> [TASK BRIEF]: Your task is to return all the entries below exactly, with every picture omitted.
---- DATA EXTRACTS
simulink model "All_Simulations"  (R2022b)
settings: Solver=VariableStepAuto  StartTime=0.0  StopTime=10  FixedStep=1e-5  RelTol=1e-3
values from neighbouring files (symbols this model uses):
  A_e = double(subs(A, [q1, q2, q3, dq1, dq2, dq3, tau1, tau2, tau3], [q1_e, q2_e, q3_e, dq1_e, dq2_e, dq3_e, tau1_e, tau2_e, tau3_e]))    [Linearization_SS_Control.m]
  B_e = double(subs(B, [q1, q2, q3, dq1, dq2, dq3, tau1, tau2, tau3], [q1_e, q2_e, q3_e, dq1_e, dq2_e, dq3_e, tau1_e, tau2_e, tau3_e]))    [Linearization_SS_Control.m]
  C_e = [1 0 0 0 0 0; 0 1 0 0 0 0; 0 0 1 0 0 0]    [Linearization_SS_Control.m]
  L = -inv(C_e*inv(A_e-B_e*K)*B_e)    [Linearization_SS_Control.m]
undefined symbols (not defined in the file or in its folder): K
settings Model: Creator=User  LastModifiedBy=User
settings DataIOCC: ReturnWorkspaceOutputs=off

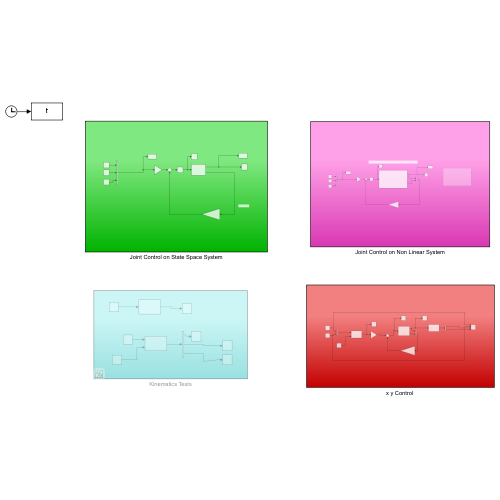
[thumbnail: Simulink's stored preview of the top-level diagram]
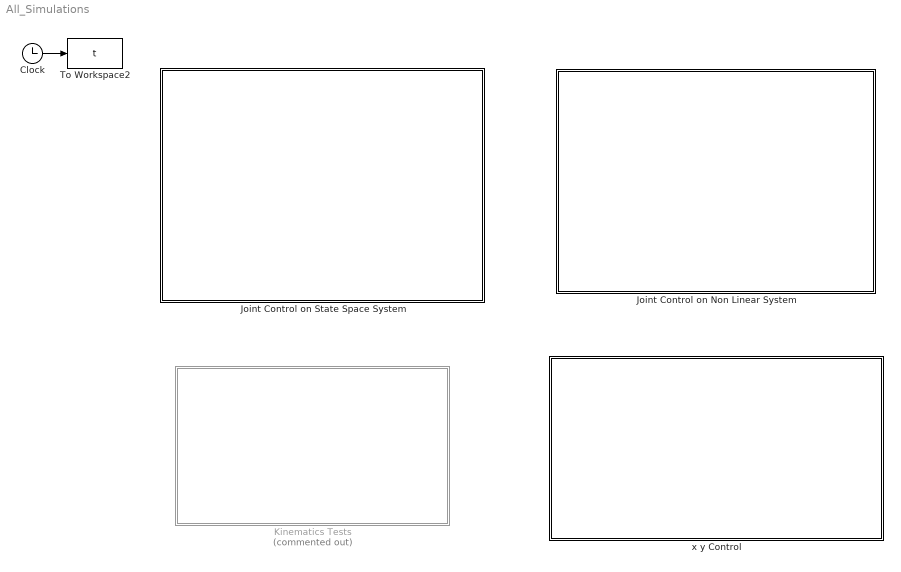
== system All_Simulations ==
  Clock : Clock
  Joint Control on Non Linear System : Subsystem
  Joint Control on State Space System : Subsystem
  Kinematics Tests : Subsystem  Commented=on
  To Workspace2 : ToWorkspace  VariableName=t  SampleTime=-1
  "x y Control " : Subsystem
  wires:
  Clock/1 -> To Workspace2/1

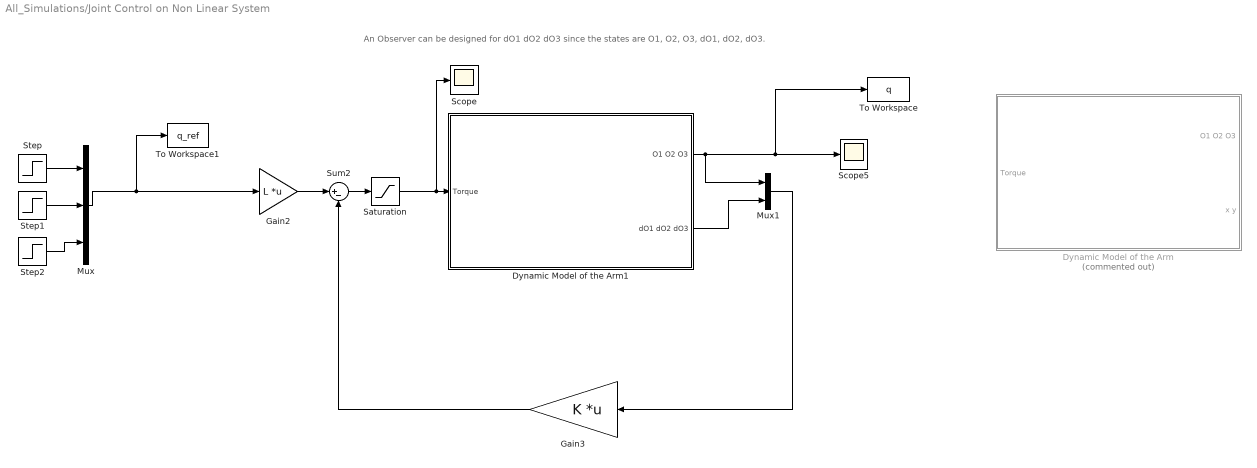
== system All_Simulations/Joint Control on Non Linear System ==
  note: An Observer can be designed for dO1 dO2 dO3 since the states are O1, O2, O3, dO1, dO2, dO3.
  Dynamic Model of the Arm : Subsystem  Commented=on
  Dynamic Model of the Arm1 : Subsystem
  Gain2 : Gain  Gain=L  Multiplication=Matrix(K*u)
  Gain3 : Gain  Gain=K  Multiplication=Matrix(K*u)
  Mux : Mux  Inputs=3
  Mux1 : Mux  Inputs=2
  Saturation : Saturate  UpperLimit=3  LowerLimit=0
  Scope : Scope
  Scope5 : Scope
  Step : Step  Time=0  After=0.2  SampleTime=0
  Step1 : Step  Time=0  After=0  SampleTime=0
  Step2 : Step  Time=0  After=0.5  SampleTime=0
  Sum2 : Sum  Inputs=|+-
  To Workspace : ToWorkspace  VariableName=q  SampleTime=-1
  To Workspace1 : ToWorkspace  VariableName=q_ref  SampleTime=-1
  wires:
  Gain2/1 -> Sum2/1
  Mux/1 -> Gain2/1, To Workspace1/1
  Dynamic Model of the Arm1/2(dO1 dO2 dO3) -> Mux1/2
  Gain3/1 -> Sum2/2
  Mux1/1 -> Gain3/1
  Sum2/1 -> Saturation/1
  Saturation/1 -> Scope/1, Dynamic Model of the Arm1/1(Torque)
  Step/1 -> Mux/1
  Step1/1 -> Mux/2
  Step2/1 -> Mux/3
  Dynamic Model of the Arm1/1(O1 O2 O3) -> To Workspace/1, Scope5/1, Mux1/1

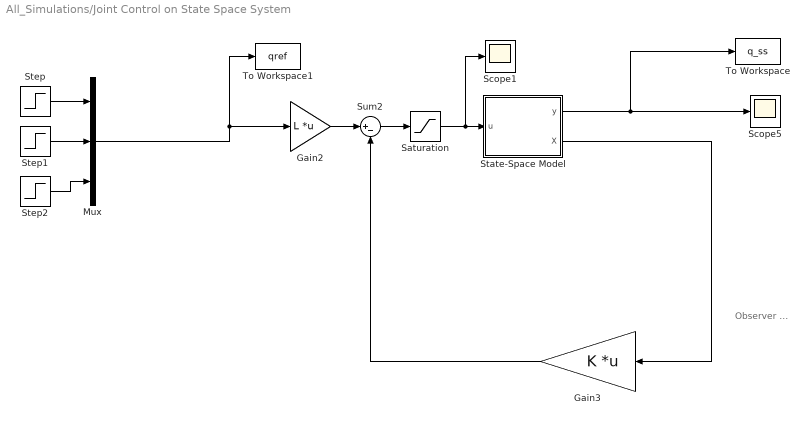
== system All_Simulations/Joint Control on State Space System ==
  note: Observer ...
  Gain2 : Gain  Gain=L  Multiplication=Matrix(K*u)
  Gain3 : Gain  Gain=K  Multiplication=Matrix(K*u)
  Mux : Mux  Inputs=3
  Saturation : Saturate  UpperLimit=3  LowerLimit=-0.01  ZeroCross=off
  Scope1 : Scope
  Scope5 : Scope
  State-Space Model : Subsystem
  Step : Step  Time=0  After=0.2  SampleTime=0
  Step1 : Step  Time=0  After=0  SampleTime=0
  Step2 : Step  Time=0  After=0.5  SampleTime=0
  Sum2 : Sum  Inputs=|+-
  To Workspace : ToWorkspace  VariableName=q_ss  SampleTime=-1
  To Workspace1 : ToWorkspace  VariableName=qref  SampleTime=-1
  wires:
  State-Space Model/2(X) -> Gain3/1
  State-Space Model/1(y) -> To Workspace/1, Scope5/1
  Gain3/1 -> Sum2/2
  Mux/1 -> To Workspace1/1, Gain2/1
  Gain2/1 -> Sum2/1
  Saturation/1 -> Scope1/1, State-Space Model/1(u)
  Sum2/1 -> Saturation/1
  Step/1 -> Mux/1
  Step1/1 -> Mux/2
  Step2/1 -> Mux/3

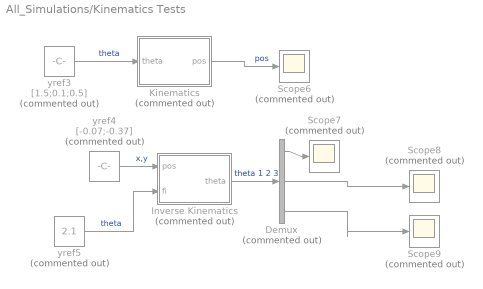
== system All_Simulations/Kinematics Tests ==
  Demux : Demux  Commented=on  Outputs=3
  Inverse Kinematics : MATLAB Function  Commented=on  TreatAsAtomicUnit=on
  Kinematics : MATLAB Function  Commented=on  TreatAsAtomicUnit=on
  Scope{6..9} (4 alike) : Scope  Commented=on
  yref3 : Constant  Commented=on  Value=[1.5;0.1;0.5]
  yref4 : Constant  Commented=on  Value=[-0.07;-0.37]
  yref5 : Constant  Commented=on  Value=2.1
  wires:
  Kinematics/1(pos) -> Scope6/1  "pos"
  yref4/1 -> Inverse Kinematics/1(pos)  "x,y"
  Demux/2 -> Scope8/1
  Inverse Kinematics/1(theta) -> Demux/1  "theta 1 2 3"
  Demux/3 -> Scope9/1
  yref3/1 -> Kinematics/1(theta)  "theta"
  yref5/1 -> Inverse Kinematics/2(fi)  "theta"
  Demux/1 -> Scope7/1

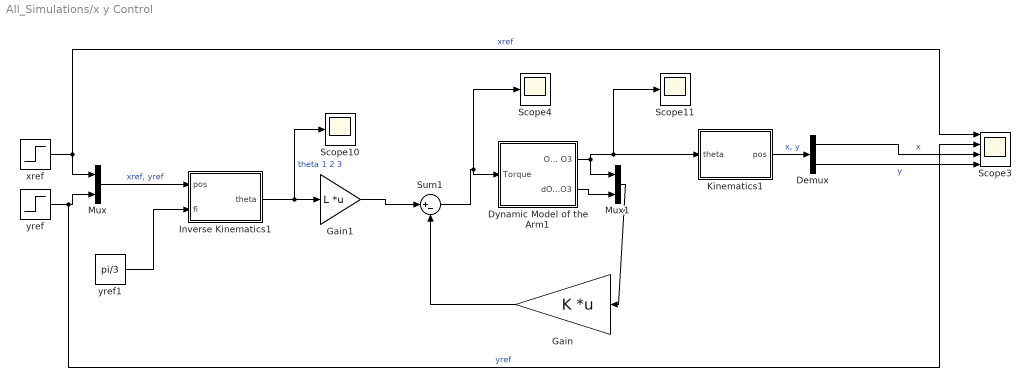
== system All_Simulations/x y Control  ==
  Demux : Demux  Outputs=2
  Dynamic Model of the Arm1 : Subsystem
  Gain : Gain  Gain=K  Multiplication=Matrix(K*u)
  Gain1 : Gain  Gain=L  Multiplication=Matrix(K*u)
  Inverse Kinematics1 : MATLAB Function  TreatAsAtomicUnit=on
  Kinematics1 : MATLAB Function  TreatAsAtomicUnit=on
  Mux : Mux  Inputs=2
  Mux1 : Mux  Inputs=2
  Scope10 : Scope
  Scope11 : Scope
  Scope3 : Scope  NumInputPorts=4
  Scope4 : Scope
  Sum1 : Sum  Inputs=|+-
  xref : Step  Time=0  After=0.1  SampleTime=0
  yref : Step  Time=0  After=0.2  SampleTime=0
  yref1 : Constant  Value=pi/3
  wires:
  Inverse Kinematics1/1(theta) -> Scope10/1, Gain1/1  "theta 1 2 3"
  Sum1/1 -> Dynamic Model of the Arm1/1(Torque), Scope4/1
  Gain/1 -> Sum1/2
  Dynamic Model of the Arm1/1(O1 O2 O3) -> Scope11/1, Kinematics1/1(theta), Mux1/1
  yref1/1 -> Inverse Kinematics1/2(fi)
  Gain1/1 -> Sum1/1
  xref/1 -> Scope3/1, Mux/1  "xref"
  yref/1 -> Scope3/2, Mux/2  "yref"
  Mux/1 -> Inverse Kinematics1/1(pos)  "xref, yref"
  Kinematics1/1(pos) -> Demux/1  "x, y"
  Demux/1 -> Scope3/3  "x"
  Demux/2 -> Scope3/4  "y"
  Dynamic Model of the Arm1/2(dO1 dO2 dO3) -> Mux1/2
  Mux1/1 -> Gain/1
--------
> [RESULT FOR THIS TASK]:
simulink model "All_Simulations"  (R2022b)
settings: Solver=VariableStepAuto  StartTime=0.0  StopTime=10  FixedStep=1e-5  RelTol=1e-3
values from neighbouring files (symbols this model uses):
  A_e = double(subs(A, [q1, q2, q3, dq1, dq2, dq3, tau1, tau2, tau3], [q1_e, q2_e, q3_e, dq1_e, dq2_e, dq3_e, tau1_e, tau2_e, tau3_e]))    [Linearization_SS_Control.m]
  B_e = double(subs(B, [q1, q2, q3, dq1, dq2, dq3, tau1, tau2, tau3], [q1_e, q2_e, q3_e, dq1_e, dq2_e, dq3_e, tau1_e, tau2_e, tau3_e]))    [Linearization_SS_Control.m]
  C_e = [1 0 0 0 0 0; 0 1 0 0 0 0; 0 0 1 0 0 0]    [Linearization_SS_Control.m]
  L = -inv(C_e*inv(A_e-B_e*K)*B_e)    [Linearization_SS_Control.m]
undefined symbols (not defined in the file or in its folder): K
settings Model: Creator=User  LastModifiedBy=User
settings DataIOCC: ReturnWorkspaceOutputs=off

[thumbnail: Simulink's stored preview of the top-level diagram]
== system All_Simulations ==
  Clock : Clock
  Joint Control on Non Linear System : Subsystem
  Joint Control on State Space System : Subsystem
  Kinematics Tests : Subsystem  Commented=on
  To Workspace2 : ToWorkspace  VariableName=t  SampleTime=-1
  "x y Control " : Subsystem
  wires:
  Clock/1 -> To Workspace2/1

== system All_Simulations/Joint Control on Non Linear System ==
  note: An Observer can be designed for dO1 dO2 dO3 since the states are O1, O2, O3, dO1, dO2, dO3.
  Dynamic Model of the Arm : Subsystem  Commented=on
  Dynamic Model of the Arm1 : Subsystem
  Gain2 : Gain  Gain=L  Multiplication=Matrix(K*u)
  Gain3 : Gain  Gain=K  Multiplication=Matrix(K*u)
  Mux : Mux  Inputs=3
  Mux1 : Mux  Inputs=2
  Saturation : Saturate  UpperLimit=3  LowerLimit=0
  Scope : Scope
  Scope5 : Scope
  Step : Step  Time=0  After=0.2  SampleTime=0
  Step1 : Step  Time=0  After=0  SampleTime=0
  Step2 : Step  Time=0  After=0.5  SampleTime=0
  Sum2 : Sum  Inputs=|+-
  To Workspace : ToWorkspace  VariableName=q  SampleTime=-1
  To Workspace1 : ToWorkspace  VariableName=q_ref  SampleTime=-1
  wires:
  Gain2/1 -> Sum2/1
  Mux/1 -> Gain2/1, To Workspace1/1
  Dynamic Model of the Arm1/2(dO1 dO2 dO3) -> Mux1/2
  Gain3/1 -> Sum2/2
  Mux1/1 -> Gain3/1
  Sum2/1 -> Saturation/1
  Saturation/1 -> Scope/1, Dynamic Model of the Arm1/1(Torque)
  Step/1 -> Mux/1
  Step1/1 -> Mux/2
  Step2/1 -> Mux/3
  Dynamic Model of the Arm1/1(O1 O2 O3) -> To Workspace/1, Scope5/1, Mux1/1

== system All_Simulations/Joint Control on State Space System ==
  note: Observer ...
  Gain2 : Gain  Gain=L  Multiplication=Matrix(K*u)
  Gain3 : Gain  Gain=K  Multiplication=Matrix(K*u)
  Mux : Mux  Inputs=3
  Saturation : Saturate  UpperLimit=3  LowerLimit=-0.01  ZeroCross=off
  Scope1 : Scope
  Scope5 : Scope
  State-Space Model : Subsystem
  Step : Step  Time=0  After=0.2  SampleTime=0
  Step1 : Step  Time=0  After=0  SampleTime=0
  Step2 : Step  Time=0  After=0.5  SampleTime=0
  Sum2 : Sum  Inputs=|+-
  To Workspace : ToWorkspace  VariableName=q_ss  SampleTime=-1
  To Workspace1 : ToWorkspace  VariableName=qref  SampleTime=-1
  wires:
  State-Space Model/2(X) -> Gain3/1
  State-Space Model/1(y) -> To Workspace/1, Scope5/1
  Gain3/1 -> Sum2/2
  Mux/1 -> To Workspace1/1, Gain2/1
  Gain2/1 -> Sum2/1
  Saturation/1 -> Scope1/1, State-Space Model/1(u)
  Sum2/1 -> Saturation/1
  Step/1 -> Mux/1
  Step1/1 -> Mux/2
  Step2/1 -> Mux/3

== system All_Simulations/Kinematics Tests ==
  Demux : Demux  Commented=on  Outputs=3
  Inverse Kinematics : MATLAB Function  Commented=on  TreatAsAtomicUnit=on
  Kinematics : MATLAB Function  Commented=on  TreatAsAtomicUnit=on
  Scope{6..9} (4 alike) : Scope  Commented=on
  yref3 : Constant  Commented=on  Value=[1.5;0.1;0.5]
  yref4 : Constant  Commented=on  Value=[-0.07;-0.37]
  yref5 : Constant  Commented=on  Value=2.1
  wires:
  Kinematics/1(pos) -> Scope6/1  "pos"
  yref4/1 -> Inverse Kinematics/1(pos)  "x,y"
  Demux/2 -> Scope8/1
  Inverse Kinematics/1(theta) -> Demux/1  "theta 1 2 3"
  Demux/3 -> Scope9/1
  yref3/1 -> Kinematics/1(theta)  "theta"
  yref5/1 -> Inverse Kinematics/2(fi)  "theta"
  Demux/1 -> Scope7/1

== system All_Simulations/x y Control  ==
  Demux : Demux  Outputs=2
  Dynamic Model of the Arm1 : Subsystem
  Gain : Gain  Gain=K  Multiplication=Matrix(K*u)
  Gain1 : Gain  Gain=L  Multiplication=Matrix(K*u)
  Inverse Kinematics1 : MATLAB Function  TreatAsAtomicUnit=on
  Kinematics1 : MATLAB Function  TreatAsAtomicUnit=on
  Mux : Mux  Inputs=2
  Mux1 : Mux  Inputs=2
  Scope10 : Scope
  Scope11 : Scope
  Scope3 : Scope  NumInputPorts=4
  Scope4 : Scope
  Sum1 : Sum  Inputs=|+-
  xref : Step  Time=0  After=0.1  SampleTime=0
  yref : Step  Time=0  After=0.2  SampleTime=0
  yref1 : Constant  Value=pi/3
  wires:
  Inverse Kinematics1/1(theta) -> Scope10/1, Gain1/1  "theta 1 2 3"
  Sum1/1 -> Dynamic Model of the Arm1/1(Torque), Scope4/1
  Gain/1 -> Sum1/2
  Dynamic Model of the Arm1/1(O1 O2 O3) -> Scope11/1, Kinematics1/1(theta), Mux1/1
  yref1/1 -> Inverse Kinematics1/2(fi)
  Gain1/1 -> Sum1/1
  xref/1 -> Scope3/1, Mux/1  "xref"
  yref/1 -> Scope3/2, Mux/2  "yref"
  Mux/1 -> Inverse Kinematics1/1(pos)  "xref, yref"
  Kinematics1/1(pos) -> Demux/1  "x, y"
  Demux/1 -> Scope3/3  "x"
  Demux/2 -> Scope3/4  "y"
  Dynamic Model of the Arm1/2(dO1 dO2 dO3) -> Mux1/2
  Mux1/1 -> Gain/1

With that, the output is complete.